Today a friend in an office I visit regularly was telling me that her grandaughter’s baby died at birth today- a sad event for their family. It was her grandaughter’s first child. Another couple that I know are sitting by their 7 week old grandaughter’s bed in a hospital near here where she is fighting meningitis. Last week the 8 year old daughter of a couple who are known by many in our church died of a brain aneurysm. Such tragedies seem to be part and parcel of life, but lately there seem to be so many more of them. Is it a function of my life being intertwined with so many more people now than in years past? Or are communications just better now with email distribution lists and prayer teams hastening news along to involve more people in prayer?

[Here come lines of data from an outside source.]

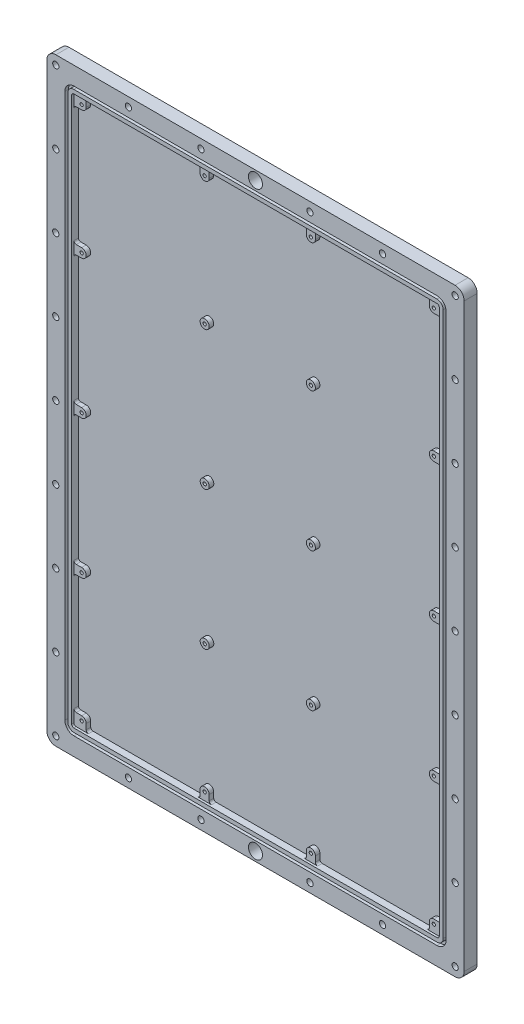
from build123d import *
from OCP.BRepFilletAPI import BRepFilletAPI_MakeChamfer

# Parameters (mm, degrees)
SKETCH1_W           = 291.973
SKETCH1_H           = 418.973
BOSS_EXTRUDE1_DEPTH = 9.144
SKETCH4_R           = 2.1844
CUT_EXTRUDE1_DEPTH  = 511.754559641
CUT_EXTRUDE2_DEPTH  = 2.54
LPATTERN4_COUNT     = 8
LPATTERN4_PITCH     = 50.8
CUT_EXTRUDE3_DEPTH  = 4.7625
SKETCH7_R           = 1.1303
CUT_EXTRUDE4_DEPTH  = 1.5875
FILLET1_R           = 6.35
SKETCH10_R          = 2.1844
SKETCH10_R_2        = 4.9022
CUT_EXTRUDE7_DEPTH  = 511.754559641
LPATTERN5_COUNT     = 2
LPATTERN5_PITCH     = 406.4
CHAMFER1_SIZE       = 2.54
CHAMFER1_SIZE2      = 2.207988314
BOSS_EXTRUDE4_START = 3.175
SKETCH11_R          = 3.175
SKETCH11_R_2        = 1.1303
BOSS_EXTRUDE4_DEPTH = 3.175
FILLET2_R           = 1.5875


with BuildPart() as part:
    # Sketch1 → Boss-Extrude1 (new body)
    with BuildSketch(Plane.XY):
        with Locations((145.9865, 209.4865)):
            Rectangle(SKETCH1_W, SKETCH1_H)
    extrude(amount=BOSS_EXTRUDE1_DEPTH)

    # Sketch4 → Cut-Extrude1 (cut, through all)
    with BuildSketch(Plane.XY.offset(9.144)):
        with Locations((6.2865, 6.2865)):
            Circle(SKETCH4_R)
        with Locations((6.2865, 412.6865)):
            Circle(SKETCH4_R)
        with Locations((285.6865, 412.6865)):
            Circle(SKETCH4_R)
        with Locations((285.6865, 6.2865)):
            Circle(SKETCH4_R)
    cut_extrude1 = extrude(amount=-CUT_EXTRUDE1_DEPTH, mode=Mode.SUBTRACT)

    # Sketch5 → Cut-Extrude2 (cut)
    with BuildSketch(Plane.XY.offset(9.144)):
        with BuildLine():
            Line((18.9865, 406.3365), (272.9865, 406.3365))
            ThreePointArc((272.9865, 406.3365), (277.476628061, 404.476628061), (279.3365, 399.9865))
            Line((279.3365, 399.9865), (279.3365, 18.9865))
            ThreePointArc((279.3365, 18.9865), (277.476628061, 14.496371939), (272.9865, 12.6365))
            Line((272.9865, 12.6365), (18.9865, 12.6365))
            ThreePointArc((18.9865, 12.6365), (14.496371939, 14.496371939), (12.6365, 18.9865))
            Line((12.6365, 18.9865), (12.6365, 399.9865))
            ThreePointArc((12.6365, 399.9865), (14.496371939, 404.476628061), (18.9865, 406.3365))
        make_face()
        with BuildLine():
            ThreePointArc((272.9865, 14.6685), (276.039787081, 15.933212919), (277.3045, 18.9865))
            Line((277.3045, 18.9865), (277.3045, 399.9865))
            ThreePointArc((277.3045, 399.9865), (276.039787081, 403.039787081), (272.9865, 404.3045))
            Line((272.9865, 404.3045), (18.9865, 404.3045))
            ThreePointArc((18.9865, 404.3045), (15.933212919, 403.039787081), (14.6685, 399.9865))
            Line((14.6685, 399.9865), (14.6685, 18.9865))
            ThreePointArc((14.6685, 18.9865), (15.933212919, 15.933212919), (18.9865, 14.6685))
            Line((18.9865, 14.6685), (272.9865, 14.6685))
        make_face(mode=Mode.SUBTRACT)
    extrude(amount=-CUT_EXTRUDE2_DEPTH, mode=Mode.SUBTRACT)

    # LPattern4: Cut-Extrude1 ×8
    with Locations(*[(0, -i * LPATTERN4_PITCH, 0) for i in range(1, LPATTERN4_COUNT)]):
        add(cut_extrude1, mode=Mode.SUBTRACT)

    # Sketch6 → Cut-Extrude3 (cut)
    with BuildSketch(Plane.XY.offset(9.144)):
        with BuildLine():
            Line((274.574, 18.9865), (274.574, 399.9865))
            ThreePointArc((274.574, 399.9865), (274.109032015, 401.109032015), (272.9865, 401.574))
            Line((272.9865, 401.574), (18.9865, 401.574))
            ThreePointArc((18.9865, 401.574), (17.863967985, 401.109032015), (17.399, 399.9865))
            Line((17.399, 399.9865), (17.399, 18.9865))
            ThreePointArc((17.399, 18.9865), (17.863967985, 17.863967985), (18.9865, 17.399))
            Line((18.9865, 17.399), (272.9865, 17.399))
            ThreePointArc((272.9865, 17.399), (274.109032015, 17.863967985), (274.574, 18.9865))
        make_face()
    extrude(amount=-CUT_EXTRUDE3_DEPTH, mode=Mode.SUBTRACT)

    # Sketch7 → Cut-Extrude4 (cut)
    with BuildSketch(Plane.XY.offset(4.3815)):
        with Locations((22.7965, 396.1765)):
            Circle(SKETCH7_R)
        with Locations((269.1765, 396.1765)):
            Circle(SKETCH7_R)
        with Locations((22.7965, 22.7965)):
            Circle(SKETCH7_R)
        with Locations((108.8517, 22.7965)):
            Circle(SKETCH7_R)
        with Locations((108.8517, 396.1765)):
            Circle(SKETCH7_R)
        with Locations((183.1213, 396.1765)):
            Circle(SKETCH7_R)
        with Locations((183.1213, 22.7965)):
            Circle(SKETCH7_R)
        with Locations((269.1765, 22.7965)):
            Circle(SKETCH7_R)
        with Locations((269.1765, 112.6109)):
            Circle(SKETCH7_R)
        with Locations((108.8898, 112.6109)):
            Circle(SKETCH7_R)
        with Locations((183.1594, 112.6109)):
            Circle(SKETCH7_R)
        with Locations((22.7965, 112.6109)):
            Circle(SKETCH7_R)
        with Locations((269.1765, 209.4865)):
            Circle(SKETCH7_R)
        with Locations((108.8898, 209.4865)):
            Circle(SKETCH7_R)
        with Locations((183.1594, 209.4865)):
            Circle(SKETCH7_R)
        with Locations((22.7965, 209.4865)):
            Circle(SKETCH7_R)
        with Locations((269.1765, 306.3621)):
            Circle(SKETCH7_R)
        with Locations((108.8517, 306.3621)):
            Circle(SKETCH7_R)
        with Locations((183.1213, 306.3621)):
            Circle(SKETCH7_R)
        with Locations((22.7965, 306.3621)):
            Circle(SKETCH7_R)
    extrude(amount=-CUT_EXTRUDE4_DEPTH, mode=Mode.SUBTRACT)

    # Fillet1
    fillet1_edges = [part.edges().sort_by_distance(p)[0] for p in [
        (0, 418.973, 4.572),
        (291.973, 418.973, 4.572),
        (291.973, 0, 4.572),
        (0, 0, 4.572),
    ]]
    fillet(fillet1_edges, radius=FILLET1_R)

    # Sketch10 → Cut-Extrude7 (cut, through all)
    with BuildSketch(Plane(origin=(0, 0, 0), x_dir=(-1, 0, 0), z_dir=(0, 0, -1))):
        with Locations((-234.8865, 412.6865)):
            Circle(SKETCH10_R)
        with Locations((-184.0865, 412.6865)):
            Circle(SKETCH10_R)
        with Locations((-107.8865, 412.6865)):
            Circle(SKETCH10_R)
        with Locations((-57.0865, 412.6865)):
            Circle(SKETCH10_R)
        with Locations((-145.9865, 412.6865)):
            Circle(SKETCH10_R_2)
    cut_extrude7 = extrude(amount=-CUT_EXTRUDE7_DEPTH, mode=Mode.SUBTRACT)

    # LPattern5: Cut-Extrude7 ×2
    with Locations(*[(0, -i * LPATTERN5_PITCH, 0) for i in range(1, LPATTERN5_COUNT)]):
        add(cut_extrude7, mode=Mode.SUBTRACT)

    # Chamfer1: one chamfer whose edges measure the first distance from different faces: ONE call of the kernel's chamfer builder (chamfer() names one face for all edges)
    chamfer1_edges_1 = [part.edges().sort_by_distance(p)[0] for p in [
        (4.1021, 6.2865, 0),
    ]]
    chamfer1_side_1 = [part.faces().sort_by_distance(p)[0] for p in [
        (4.1021, 6.2865, 4.572),
    ]]
    chamfer1_edges_2 = [part.edges().sort_by_distance(p)[0] for p in [
        (4.1021, 412.6865, 0),
    ]]
    chamfer1_side_2 = [part.faces().sort_by_distance(p)[0] for p in [
        (4.1021, 412.6865, 4.572),
    ]]
    chamfer1_edges_3 = [part.edges().sort_by_distance(p)[0] for p in [
        (283.5021, 412.6865, 0),
    ]]
    chamfer1_side_3 = [part.faces().sort_by_distance(p)[0] for p in [
        (283.5021, 412.6865, 4.572),
    ]]
    chamfer1_edges_4 = [part.edges().sort_by_distance(p)[0] for p in [
        (237.0709, 412.6865, 0),
        (186.2709, 412.6865, 0),
        (110.0709, 412.6865, 0),
        (59.2709, 412.6865, 0),
        (237.0709, 6.2865, 0),
        (186.2709, 6.2865, 0),
        (110.0709, 6.2865, 0),
        (59.2709, 6.2865, 0),
    ]]
    chamfer1_side_4 = [part.faces().sort_by_distance(p)[0] for p in [
        (145.9865, 209.4865, 0),
    ]]
    chamfer1_edges_5 = [part.edges().sort_by_distance(p)[0] for p in [
        (283.5021, 6.2865, 0),
    ]]
    chamfer1_side_5 = [part.faces().sort_by_distance(p)[0] for p in [
        (283.5021, 6.2865, 4.572),
    ]]
    chamfer1_edges_6 = [part.edges().sort_by_distance(p)[0] for p in [
        (4.1021, 361.8865, 0),
    ]]
    chamfer1_side_6 = [part.faces().sort_by_distance(p)[0] for p in [
        (4.1021, 361.8865, 4.572),
    ]]
    chamfer1_edges_7 = [part.edges().sort_by_distance(p)[0] for p in [
        (283.5021, 361.8865, 0),
    ]]
    chamfer1_side_7 = [part.faces().sort_by_distance(p)[0] for p in [
        (283.5021, 361.8865, 4.572),
    ]]
    chamfer1_edges_8 = [part.edges().sort_by_distance(p)[0] for p in [
        (4.1021, 311.0865, 0),
    ]]
    chamfer1_side_8 = [part.faces().sort_by_distance(p)[0] for p in [
        (4.1021, 311.0865, 4.572),
    ]]
    chamfer1_edges_9 = [part.edges().sort_by_distance(p)[0] for p in [
        (283.5021, 311.0865, 0),
    ]]
    chamfer1_side_9 = [part.faces().sort_by_distance(p)[0] for p in [
        (283.5021, 311.0865, 4.572),
    ]]
    chamfer1_edges_10 = [part.edges().sort_by_distance(p)[0] for p in [
        (4.1021, 260.2865, 0),
    ]]
    chamfer1_side_10 = [part.faces().sort_by_distance(p)[0] for p in [
        (4.1021, 260.2865, 4.572),
    ]]
    chamfer1_edges_11 = [part.edges().sort_by_distance(p)[0] for p in [
        (283.5021, 260.2865, 0),
    ]]
    chamfer1_side_11 = [part.faces().sort_by_distance(p)[0] for p in [
        (283.5021, 260.2865, 4.572),
    ]]
    chamfer1_edges_12 = [part.edges().sort_by_distance(p)[0] for p in [
        (4.1021, 209.4865, 0),
    ]]
    chamfer1_side_12 = [part.faces().sort_by_distance(p)[0] for p in [
        (4.1021, 209.4865, 4.572),
    ]]
    chamfer1_edges_13 = [part.edges().sort_by_distance(p)[0] for p in [
        (283.5021, 209.4865, 0),
    ]]
    chamfer1_side_13 = [part.faces().sort_by_distance(p)[0] for p in [
        (283.5021, 209.4865, 4.572),
    ]]
    chamfer1_edges_14 = [part.edges().sort_by_distance(p)[0] for p in [
        (4.1021, 158.6865, 0),
    ]]
    chamfer1_side_14 = [part.faces().sort_by_distance(p)[0] for p in [
        (4.1021, 158.6865, 4.572),
    ]]
    chamfer1_edges_15 = [part.edges().sort_by_distance(p)[0] for p in [
        (283.5021, 158.6865, 0),
    ]]
    chamfer1_side_15 = [part.faces().sort_by_distance(p)[0] for p in [
        (283.5021, 158.6865, 4.572),
    ]]
    chamfer1_edges_16 = [part.edges().sort_by_distance(p)[0] for p in [
        (4.1021, 107.8865, 0),
    ]]
    chamfer1_side_16 = [part.faces().sort_by_distance(p)[0] for p in [
        (4.1021, 107.8865, 4.572),
    ]]
    chamfer1_edges_17 = [part.edges().sort_by_distance(p)[0] for p in [
        (283.5021, 107.8865, 0),
    ]]
    chamfer1_side_17 = [part.faces().sort_by_distance(p)[0] for p in [
        (283.5021, 107.8865, 4.572),
    ]]
    chamfer1_edges_18 = [part.edges().sort_by_distance(p)[0] for p in [
        (4.1021, 57.0865, 0),
    ]]
    chamfer1_side_18 = [part.faces().sort_by_distance(p)[0] for p in [
        (4.1021, 57.0865, 4.572),
    ]]
    chamfer1_edges_19 = [part.edges().sort_by_distance(p)[0] for p in [
        (283.5021, 57.0865, 0),
    ]]
    chamfer1_side_19 = [part.faces().sort_by_distance(p)[0] for p in [
        (283.5021, 57.0865, 4.572),
    ]]
    chamfer1 = BRepFilletAPI_MakeChamfer(part.part.solid().wrapped)
    for e in chamfer1_edges_1:
        chamfer1.Add(CHAMFER1_SIZE, CHAMFER1_SIZE2, e.wrapped, chamfer1_side_1[0].wrapped)  # the first distance lies on this face
    for e in chamfer1_edges_2:
        chamfer1.Add(CHAMFER1_SIZE, CHAMFER1_SIZE2, e.wrapped, chamfer1_side_2[0].wrapped)  # the first distance lies on this face
    for e in chamfer1_edges_3:
        chamfer1.Add(CHAMFER1_SIZE, CHAMFER1_SIZE2, e.wrapped, chamfer1_side_3[0].wrapped)  # the first distance lies on this face
    for e in chamfer1_edges_4:
        chamfer1.Add(CHAMFER1_SIZE, CHAMFER1_SIZE2, e.wrapped, chamfer1_side_4[0].wrapped)  # the first distance lies on this face
    for e in chamfer1_edges_5:
        chamfer1.Add(CHAMFER1_SIZE, CHAMFER1_SIZE2, e.wrapped, chamfer1_side_5[0].wrapped)  # the first distance lies on this face
    for e in chamfer1_edges_6:
        chamfer1.Add(CHAMFER1_SIZE, CHAMFER1_SIZE2, e.wrapped, chamfer1_side_6[0].wrapped)  # the first distance lies on this face
    for e in chamfer1_edges_7:
        chamfer1.Add(CHAMFER1_SIZE, CHAMFER1_SIZE2, e.wrapped, chamfer1_side_7[0].wrapped)  # the first distance lies on this face
    for e in chamfer1_edges_8:
        chamfer1.Add(CHAMFER1_SIZE, CHAMFER1_SIZE2, e.wrapped, chamfer1_side_8[0].wrapped)  # the first distance lies on this face
    for e in chamfer1_edges_9:
        chamfer1.Add(CHAMFER1_SIZE, CHAMFER1_SIZE2, e.wrapped, chamfer1_side_9[0].wrapped)  # the first distance lies on this face
    for e in chamfer1_edges_10:
        chamfer1.Add(CHAMFER1_SIZE, CHAMFER1_SIZE2, e.wrapped, chamfer1_side_10[0].wrapped)  # the first distance lies on this face
    for e in chamfer1_edges_11:
        chamfer1.Add(CHAMFER1_SIZE, CHAMFER1_SIZE2, e.wrapped, chamfer1_side_11[0].wrapped)  # the first distance lies on this face
    for e in chamfer1_edges_12:
        chamfer1.Add(CHAMFER1_SIZE, CHAMFER1_SIZE2, e.wrapped, chamfer1_side_12[0].wrapped)  # the first distance lies on this face
    for e in chamfer1_edges_13:
        chamfer1.Add(CHAMFER1_SIZE, CHAMFER1_SIZE2, e.wrapped, chamfer1_side_13[0].wrapped)  # the first distance lies on this face
    for e in chamfer1_edges_14:
        chamfer1.Add(CHAMFER1_SIZE, CHAMFER1_SIZE2, e.wrapped, chamfer1_side_14[0].wrapped)  # the first distance lies on this face
    for e in chamfer1_edges_15:
        chamfer1.Add(CHAMFER1_SIZE, CHAMFER1_SIZE2, e.wrapped, chamfer1_side_15[0].wrapped)  # the first distance lies on this face
    for e in chamfer1_edges_16:
        chamfer1.Add(CHAMFER1_SIZE, CHAMFER1_SIZE2, e.wrapped, chamfer1_side_16[0].wrapped)  # the first distance lies on this face
    for e in chamfer1_edges_17:
        chamfer1.Add(CHAMFER1_SIZE, CHAMFER1_SIZE2, e.wrapped, chamfer1_side_17[0].wrapped)  # the first distance lies on this face
    for e in chamfer1_edges_18:
        chamfer1.Add(CHAMFER1_SIZE, CHAMFER1_SIZE2, e.wrapped, chamfer1_side_18[0].wrapped)  # the first distance lies on this face
    for e in chamfer1_edges_19:
        chamfer1.Add(CHAMFER1_SIZE, CHAMFER1_SIZE2, e.wrapped, chamfer1_side_19[0].wrapped)  # the first distance lies on this face
    add(Compound.cast(chamfer1.Shape()), mode=Mode.REPLACE)

    # Sketch11 → Boss-Extrude4 (add)
    # profile 1 of 34: a face of its own
    with BuildSketch(Plane.XY.offset(4.3815).offset(BOSS_EXTRUDE4_START)):
        with BuildLine():
            Line((17.399, 399.9865), (17.399, 393.0015))
            Line((17.399, 393.0015), (22.7965, 393.0015))
            ThreePointArc((22.7965, 393.0015), (20.55143597, 398.42156403), (25.9715, 396.1765))
            Line((25.9715, 396.1765), (25.9715, 401.574))
            Line((25.9715, 401.574), (18.9865, 401.574))
            ThreePointArc((18.9865, 401.574), (17.863967985, 401.109032015), (17.399, 399.9865))
        make_face()
    # profile 2 of 34: a face of its own
    with BuildSketch(Plane.XY.offset(4.3815).offset(BOSS_EXTRUDE4_START)):
        with Locations((22.7965, 396.1765)):
            Circle(SKETCH11_R)
        with Locations((22.7965, 396.1765)):
            Circle(SKETCH11_R_2, mode=Mode.SUBTRACT)
    # profile 3 of 34: a face of its own
    with BuildSketch(Plane.XY.offset(4.3815).offset(BOSS_EXTRUDE4_START)):
        with Locations((108.8517, 396.1765)):
            Circle(SKETCH11_R)
        with Locations((108.8517, 396.1765)):
            Circle(SKETCH11_R_2, mode=Mode.SUBTRACT)
    # profile 4 of 34: a face of its own
    with BuildSketch(Plane.XY.offset(4.3815).offset(BOSS_EXTRUDE4_START)):
        with BuildLine():
            Line((112.0267, 401.574), (105.6767, 401.574))
            Line((105.6767, 401.574), (105.6767, 396.1765))
            ThreePointArc((105.6767, 396.1765), (108.8517, 399.3515), (112.0267, 396.1765))
            Line((112.0267, 396.1765), (112.0267, 401.574))
        make_face()
    # profile 5 of 34: a face of its own
    with BuildSketch(Plane.XY.offset(4.3815).offset(BOSS_EXTRUDE4_START)):
        with Locations((183.1213, 396.1765)):
            Circle(SKETCH11_R)
        with Locations((183.1213, 396.1765)):
            Circle(SKETCH11_R_2, mode=Mode.SUBTRACT)
    # profile 6 of 34: a face of its own
    with BuildSketch(Plane.XY.offset(4.3815).offset(BOSS_EXTRUDE4_START)):
        with BuildLine():
            Line((186.2963, 401.574), (179.9463, 401.574))
            Line((179.9463, 401.574), (179.9463, 396.1765))
            ThreePointArc((179.9463, 396.1765), (183.1213, 399.3515), (186.2963, 396.1765))
            Line((186.2963, 396.1765), (186.2963, 401.574))
        make_face()
    # profile 7 of 34: a face of its own
    with BuildSketch(Plane.XY.offset(4.3815).offset(BOSS_EXTRUDE4_START)):
        with Locations((269.1765, 396.1765)):
            Circle(SKETCH11_R)
        with Locations((269.1765, 396.1765)):
            Circle(SKETCH11_R_2, mode=Mode.SUBTRACT)
    # profile 8 of 34: a face of its own
    with BuildSketch(Plane.XY.offset(4.3815).offset(BOSS_EXTRUDE4_START)):
        with BuildLine():
            Line((272.9865, 401.574), (266.0015, 401.574))
            Line((266.0015, 401.574), (266.0015, 396.1765))
            ThreePointArc((266.0015, 396.1765), (269.1765, 399.3515), (272.3515, 396.1765))
            ThreePointArc((272.3515, 396.1765), (271.42156403, 393.93143597), (269.1765, 393.0015))
            Line((269.1765, 393.0015), (274.574, 393.0015))
            Line((274.574, 393.0015), (274.574, 399.9865))
            ThreePointArc((274.574, 399.9865), (274.109032015, 401.109032015), (272.9865, 401.574))
        make_face()
    # profile 9 of 34: a face of its own
    with BuildSketch(Plane.XY.offset(4.3815).offset(BOSS_EXTRUDE4_START)):
        with Locations((269.1765, 306.3621)):
            Circle(SKETCH11_R)
        with Locations((269.1765, 306.3621)):
            Circle(SKETCH11_R_2, mode=Mode.SUBTRACT)
    # profile 10 of 34: a face of its own
    with BuildSketch(Plane.XY.offset(4.3815).offset(BOSS_EXTRUDE4_START)):
        with BuildLine():
            Line((269.1765, 303.1871), (274.574, 303.1871))
            Line((274.574, 303.1871), (274.574, 309.5371))
            Line((274.574, 309.5371), (269.1765, 309.5371))
            ThreePointArc((269.1765, 309.5371), (271.42156403, 308.60716403), (272.3515, 306.3621))
            ThreePointArc((272.3515, 306.3621), (271.42156403, 304.11703597), (269.1765, 303.1871))
        make_face()
    # profile 11 of 34: a face of its own
    with BuildSketch(Plane.XY.offset(4.3815).offset(BOSS_EXTRUDE4_START)):
        with Locations((269.1765, 209.4865)):
            Circle(SKETCH11_R)
        with Locations((269.1765, 209.4865)):
            Circle(SKETCH11_R_2, mode=Mode.SUBTRACT)
    # profile 12 of 34: a face of its own
    with BuildSketch(Plane.XY.offset(4.3815).offset(BOSS_EXTRUDE4_START)):
        with BuildLine():
            Line((269.1765, 206.3115), (274.574, 206.3115))
            Line((274.574, 206.3115), (274.574, 212.6615))
            Line((274.574, 212.6615), (269.1765, 212.6615))
            ThreePointArc((269.1765, 212.6615), (271.42156403, 211.73156403), (272.3515, 209.4865))
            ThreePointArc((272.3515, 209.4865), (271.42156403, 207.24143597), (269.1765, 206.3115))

About 10 years ago we were in a group at a church in which everyone shared their personal prayer requests as the first order of business and that sharing sometimes took up all the time of the group, eventhough that was not its explicit purpose. Somehow, the sharing of one anothers’ burdens that was such a part of that group’s fellowship was more than I could bear. We left the group after a few weeks. Perhaps my boundaries were too poorly constructed and I entered too much into the pain that I heard expressed by the members there. Perhaps it was that I had recently come off of a time in my life where I had myself been heavily engaged over a number of months in prayerful intercession on behalf of someone dear to me who was suffering greatly. Can one suffer from empathy fatigue?
There are times now when I feel overloaded with the cares of others and I just have to ask the Lord to forgive me for not wanting to hear any more. It makes me wonder how in the world pastors and counselors go on day after day hearing about so much pain.
Sometimes I just want to sit down beside someone and say, “Tell me something good!”